## YOUR GOAL:
Find the string "schematic" in the entries and copy each line that has it.
----
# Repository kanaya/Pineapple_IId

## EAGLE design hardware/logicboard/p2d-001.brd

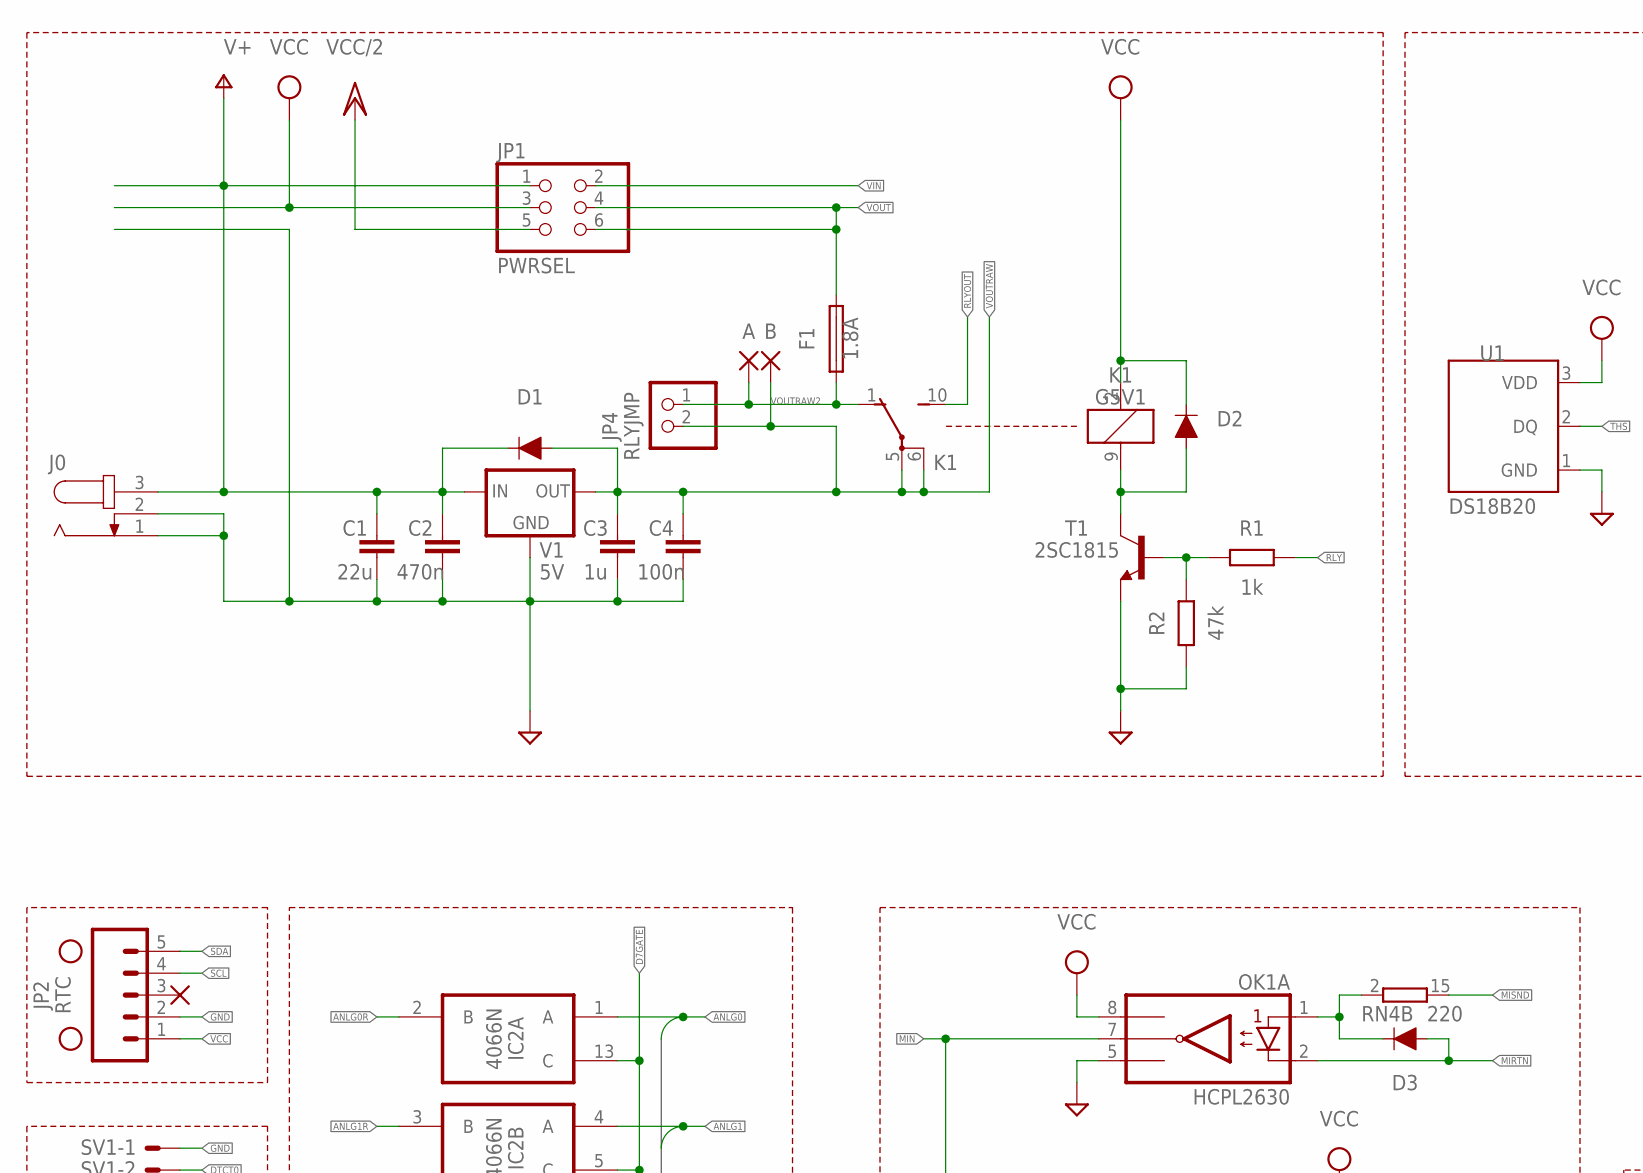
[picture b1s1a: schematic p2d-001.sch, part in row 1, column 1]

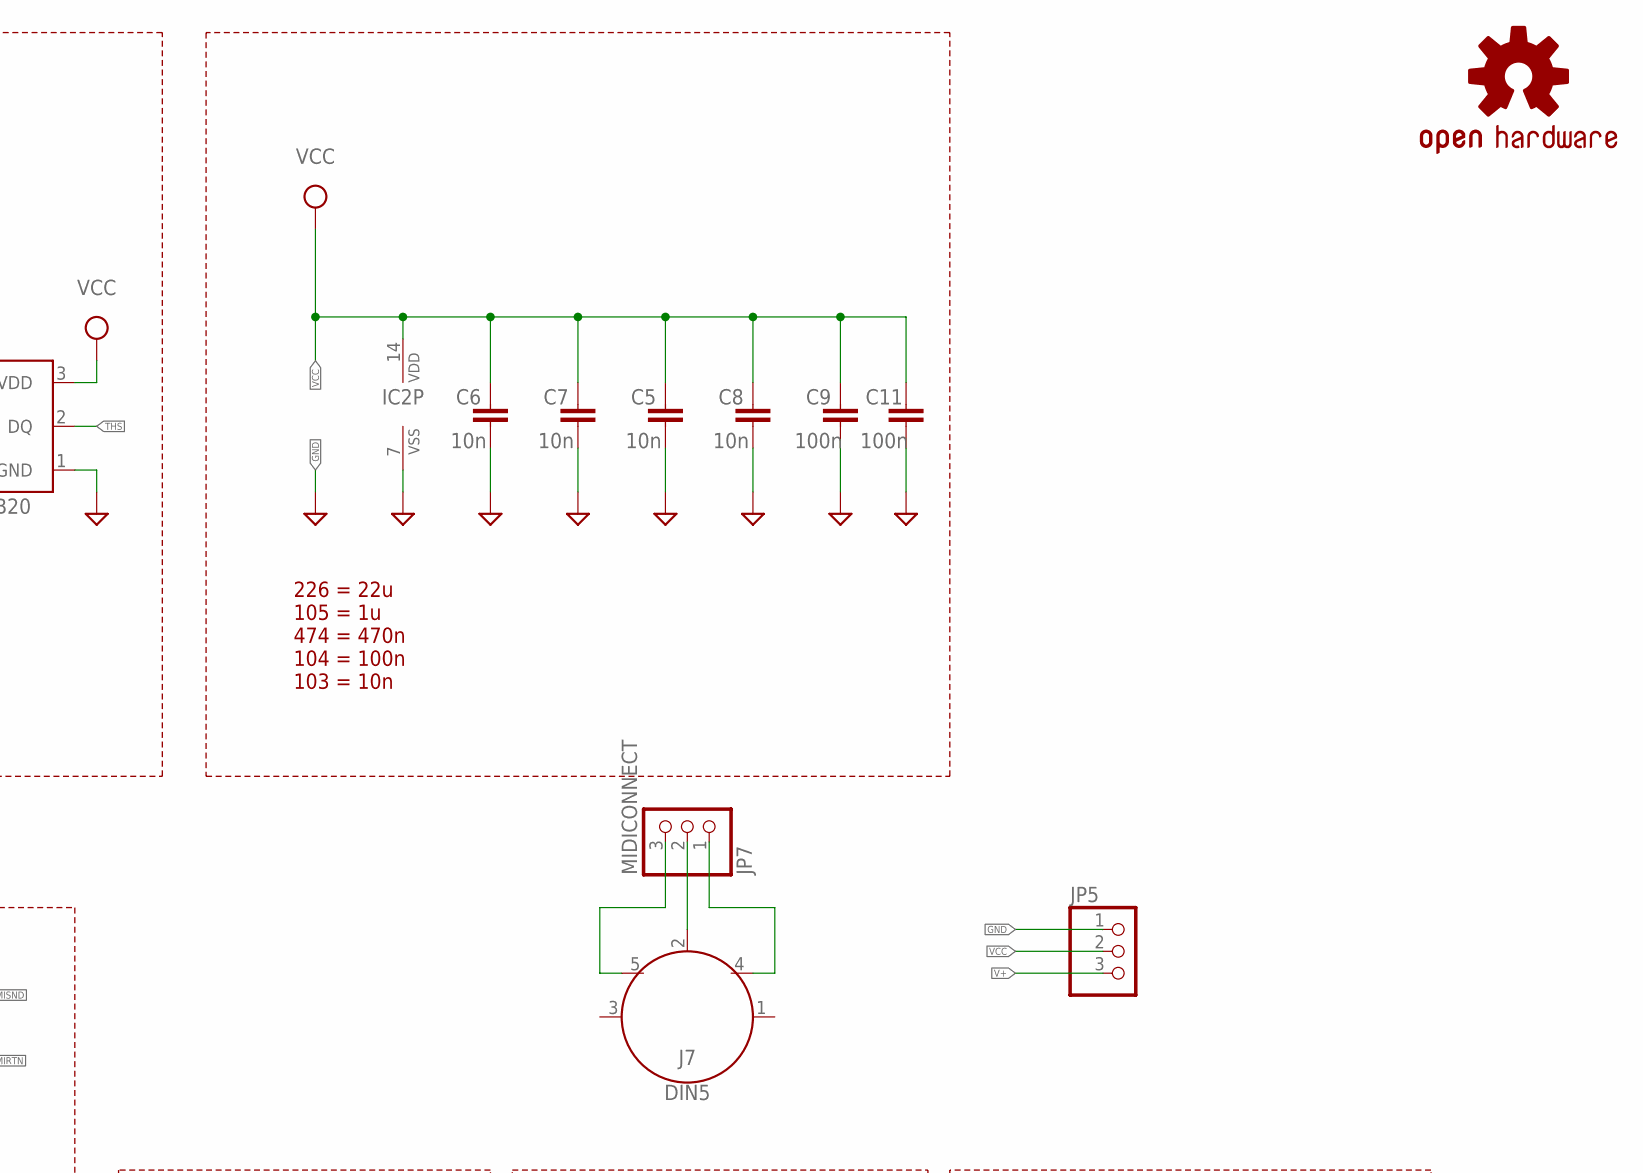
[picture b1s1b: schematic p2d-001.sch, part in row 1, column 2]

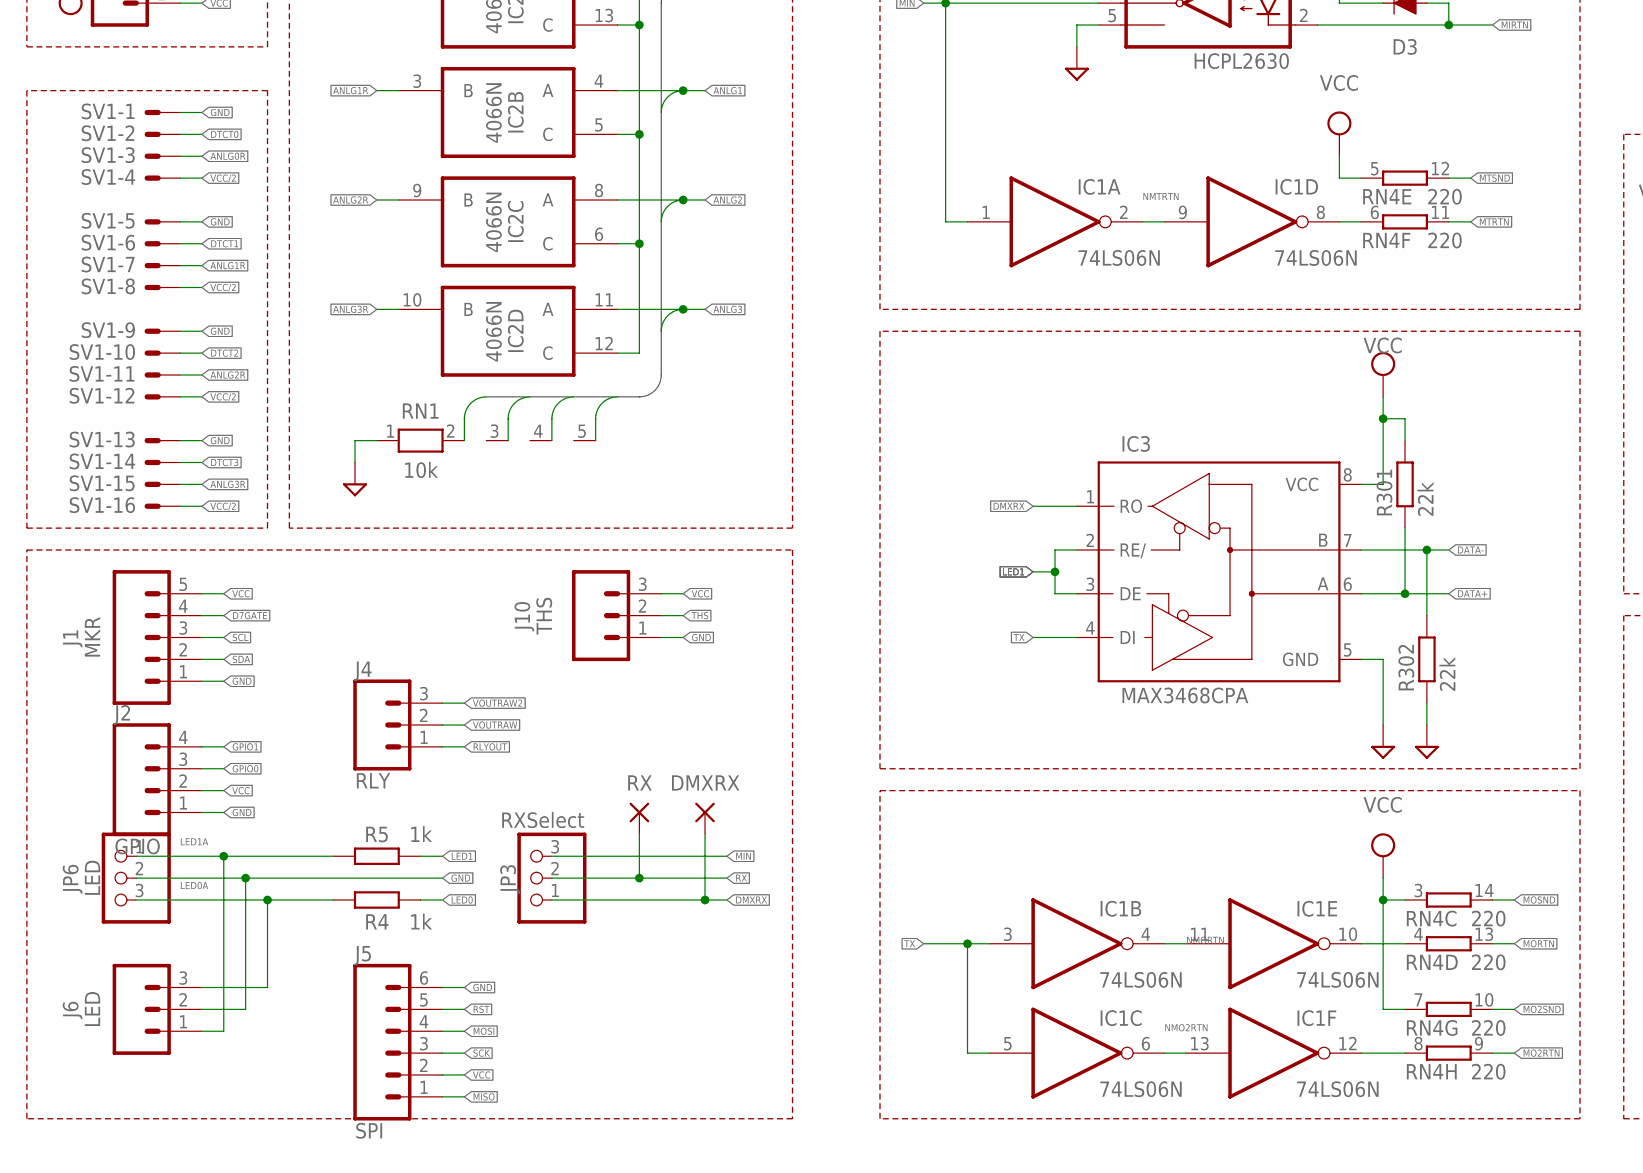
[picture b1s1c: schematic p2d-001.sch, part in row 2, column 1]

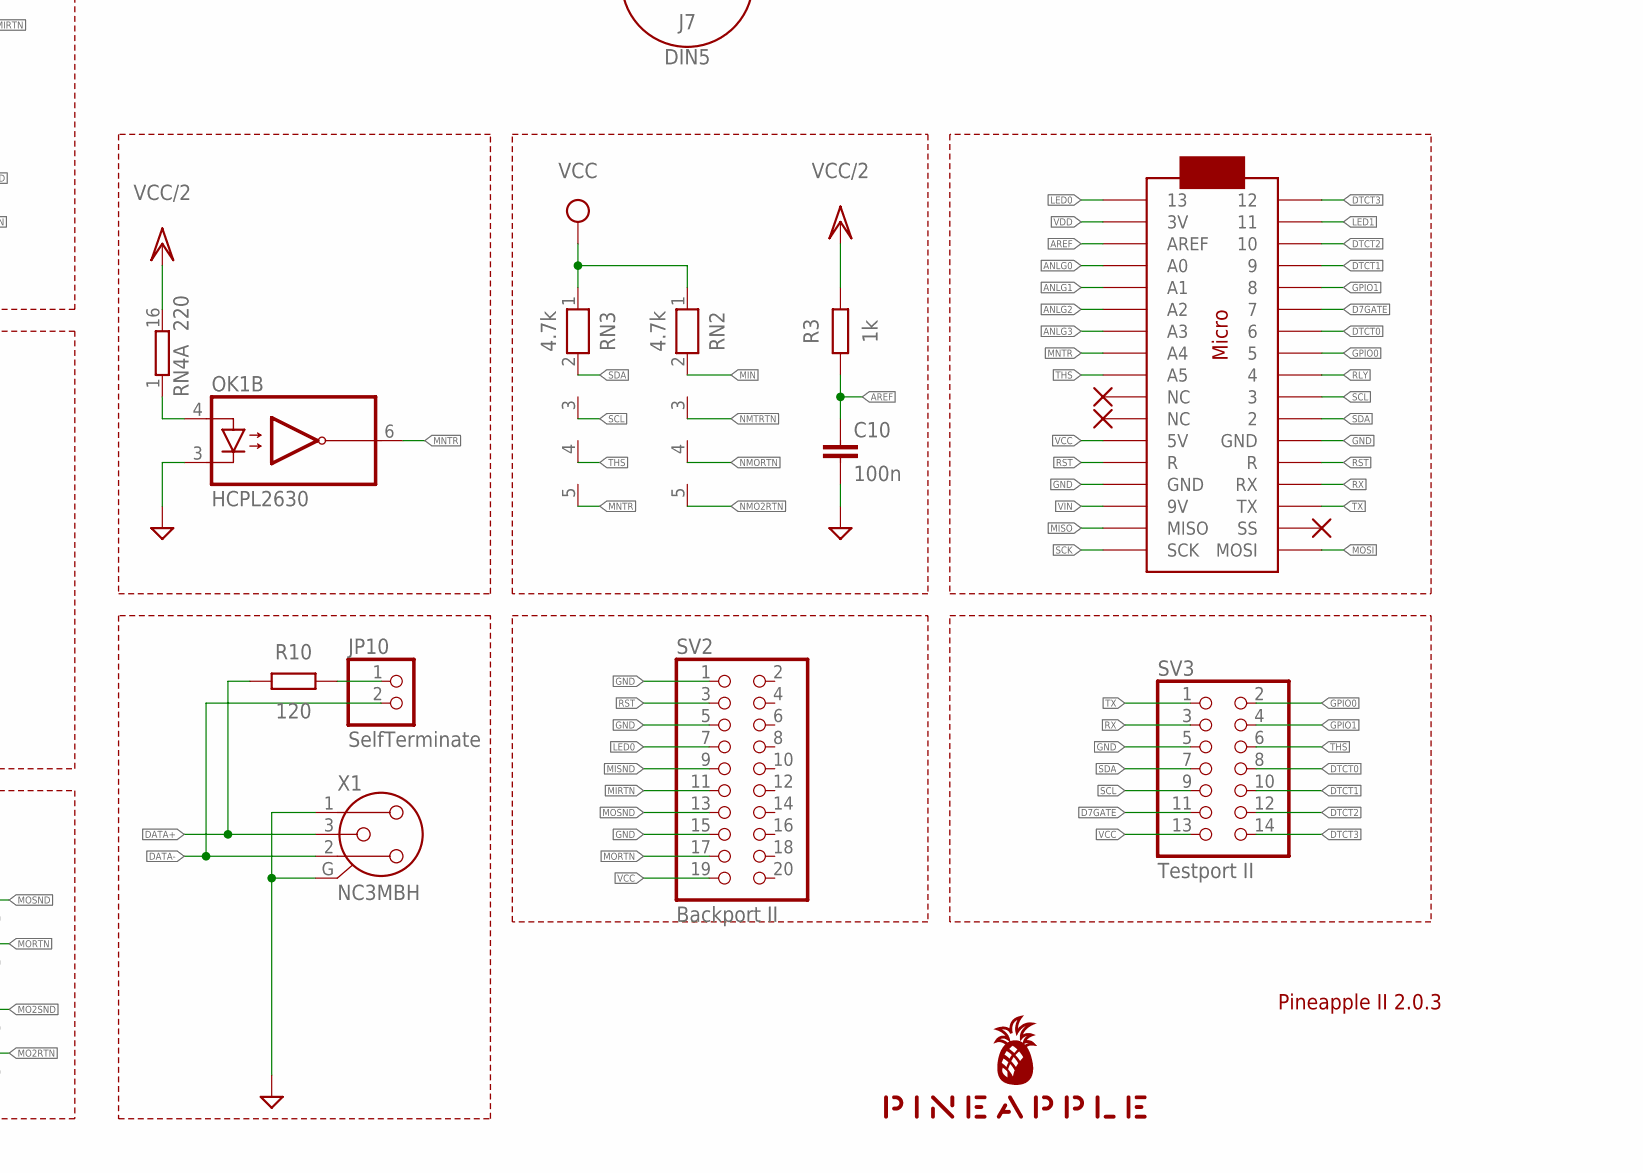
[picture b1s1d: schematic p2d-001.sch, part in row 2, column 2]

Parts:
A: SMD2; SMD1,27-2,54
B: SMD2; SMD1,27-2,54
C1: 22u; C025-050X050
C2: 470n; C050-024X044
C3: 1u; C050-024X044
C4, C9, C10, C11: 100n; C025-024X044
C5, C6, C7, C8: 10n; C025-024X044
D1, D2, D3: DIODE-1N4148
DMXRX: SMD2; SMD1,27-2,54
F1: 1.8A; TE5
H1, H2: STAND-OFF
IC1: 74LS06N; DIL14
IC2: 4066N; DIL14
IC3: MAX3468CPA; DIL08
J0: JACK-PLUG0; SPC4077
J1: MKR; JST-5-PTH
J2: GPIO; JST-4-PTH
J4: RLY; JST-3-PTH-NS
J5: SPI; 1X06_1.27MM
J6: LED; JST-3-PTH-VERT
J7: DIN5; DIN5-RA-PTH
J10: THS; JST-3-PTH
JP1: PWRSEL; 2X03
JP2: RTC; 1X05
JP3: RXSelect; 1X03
----
## RESULT:
[picture b1s1a: schematic p2d-001.sch, part in row 1, column 1]
[picture b1s1b: schematic p2d-001.sch, part in row 1, column 2]
[picture b1s1c: schematic p2d-001.sch, part in row 2, column 1]
[picture b1s1d: schematic p2d-001.sch, part in row 2, column 2]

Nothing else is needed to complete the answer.